**TASK TO CARRY OUT:** Go through the entries below line by line and tally those holding "diagram"; write only the tally.

[Collection entries]
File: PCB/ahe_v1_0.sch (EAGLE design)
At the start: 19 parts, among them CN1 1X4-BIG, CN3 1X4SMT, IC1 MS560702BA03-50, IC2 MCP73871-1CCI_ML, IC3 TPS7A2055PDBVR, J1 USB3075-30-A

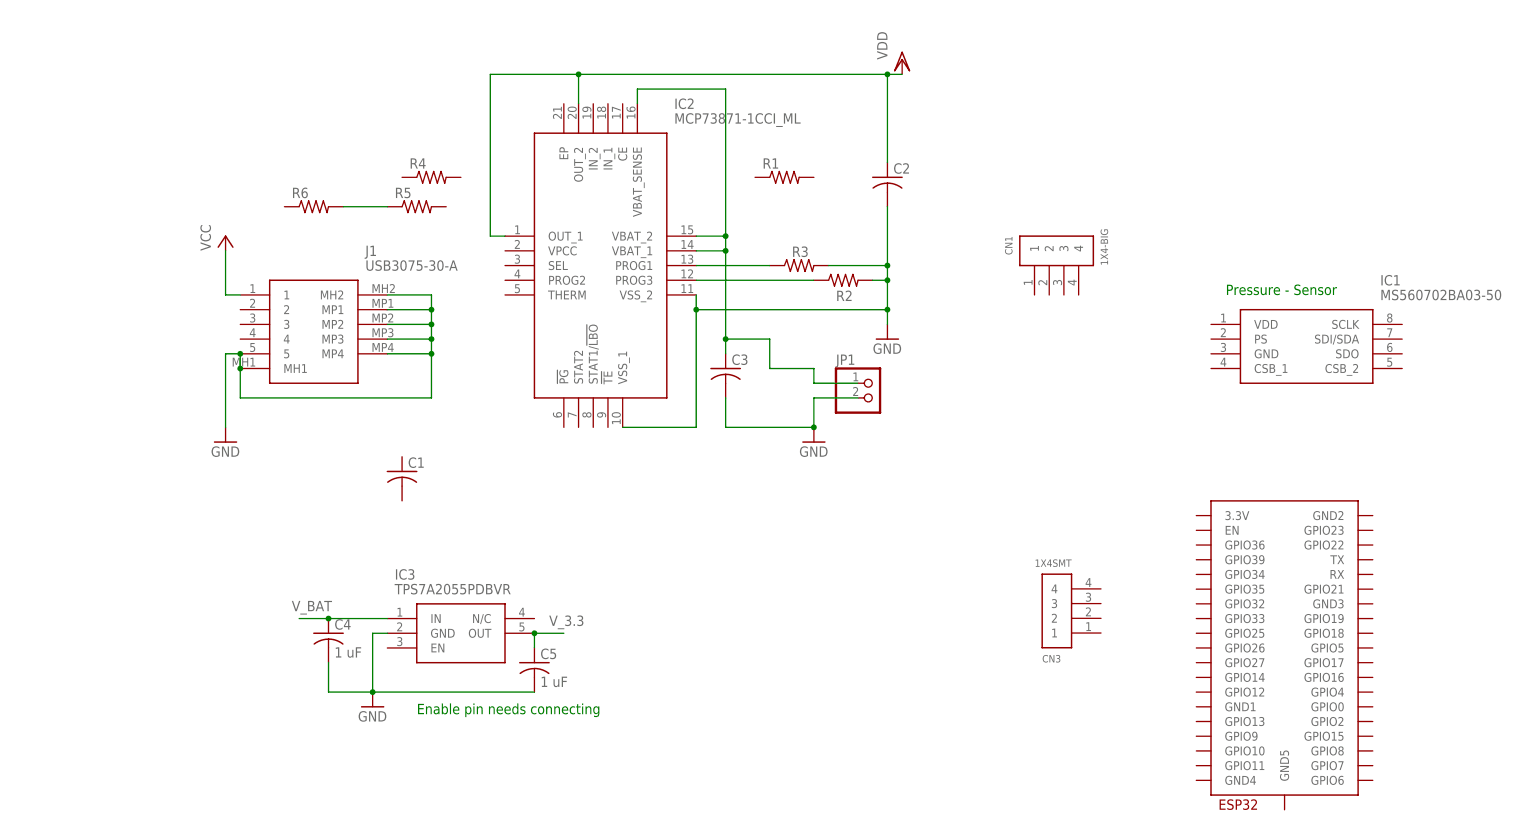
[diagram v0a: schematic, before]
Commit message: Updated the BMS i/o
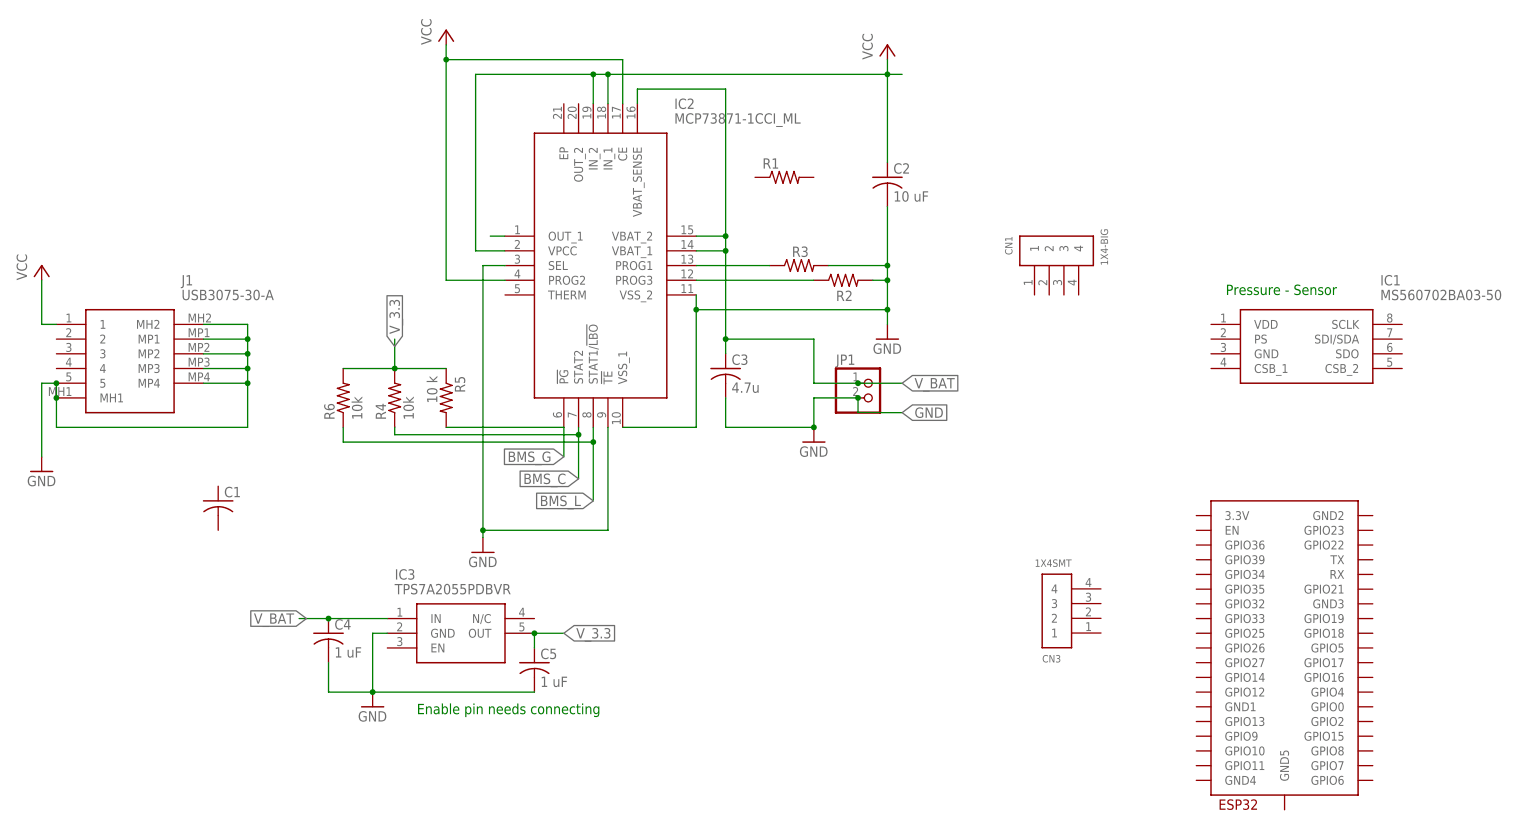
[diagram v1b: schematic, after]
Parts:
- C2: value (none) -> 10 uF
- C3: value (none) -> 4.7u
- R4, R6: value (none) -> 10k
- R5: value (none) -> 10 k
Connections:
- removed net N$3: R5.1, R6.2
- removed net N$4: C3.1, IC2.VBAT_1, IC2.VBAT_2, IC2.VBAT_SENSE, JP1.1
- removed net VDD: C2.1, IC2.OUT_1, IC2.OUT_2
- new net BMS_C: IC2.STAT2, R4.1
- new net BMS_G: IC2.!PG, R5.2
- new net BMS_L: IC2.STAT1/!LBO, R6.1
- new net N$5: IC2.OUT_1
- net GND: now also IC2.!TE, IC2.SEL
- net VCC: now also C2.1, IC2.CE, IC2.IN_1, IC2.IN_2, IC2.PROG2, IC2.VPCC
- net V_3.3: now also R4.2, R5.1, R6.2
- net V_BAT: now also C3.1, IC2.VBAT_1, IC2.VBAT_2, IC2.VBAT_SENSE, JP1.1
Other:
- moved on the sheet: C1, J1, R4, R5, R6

**WRITTEN ANSWER:** 2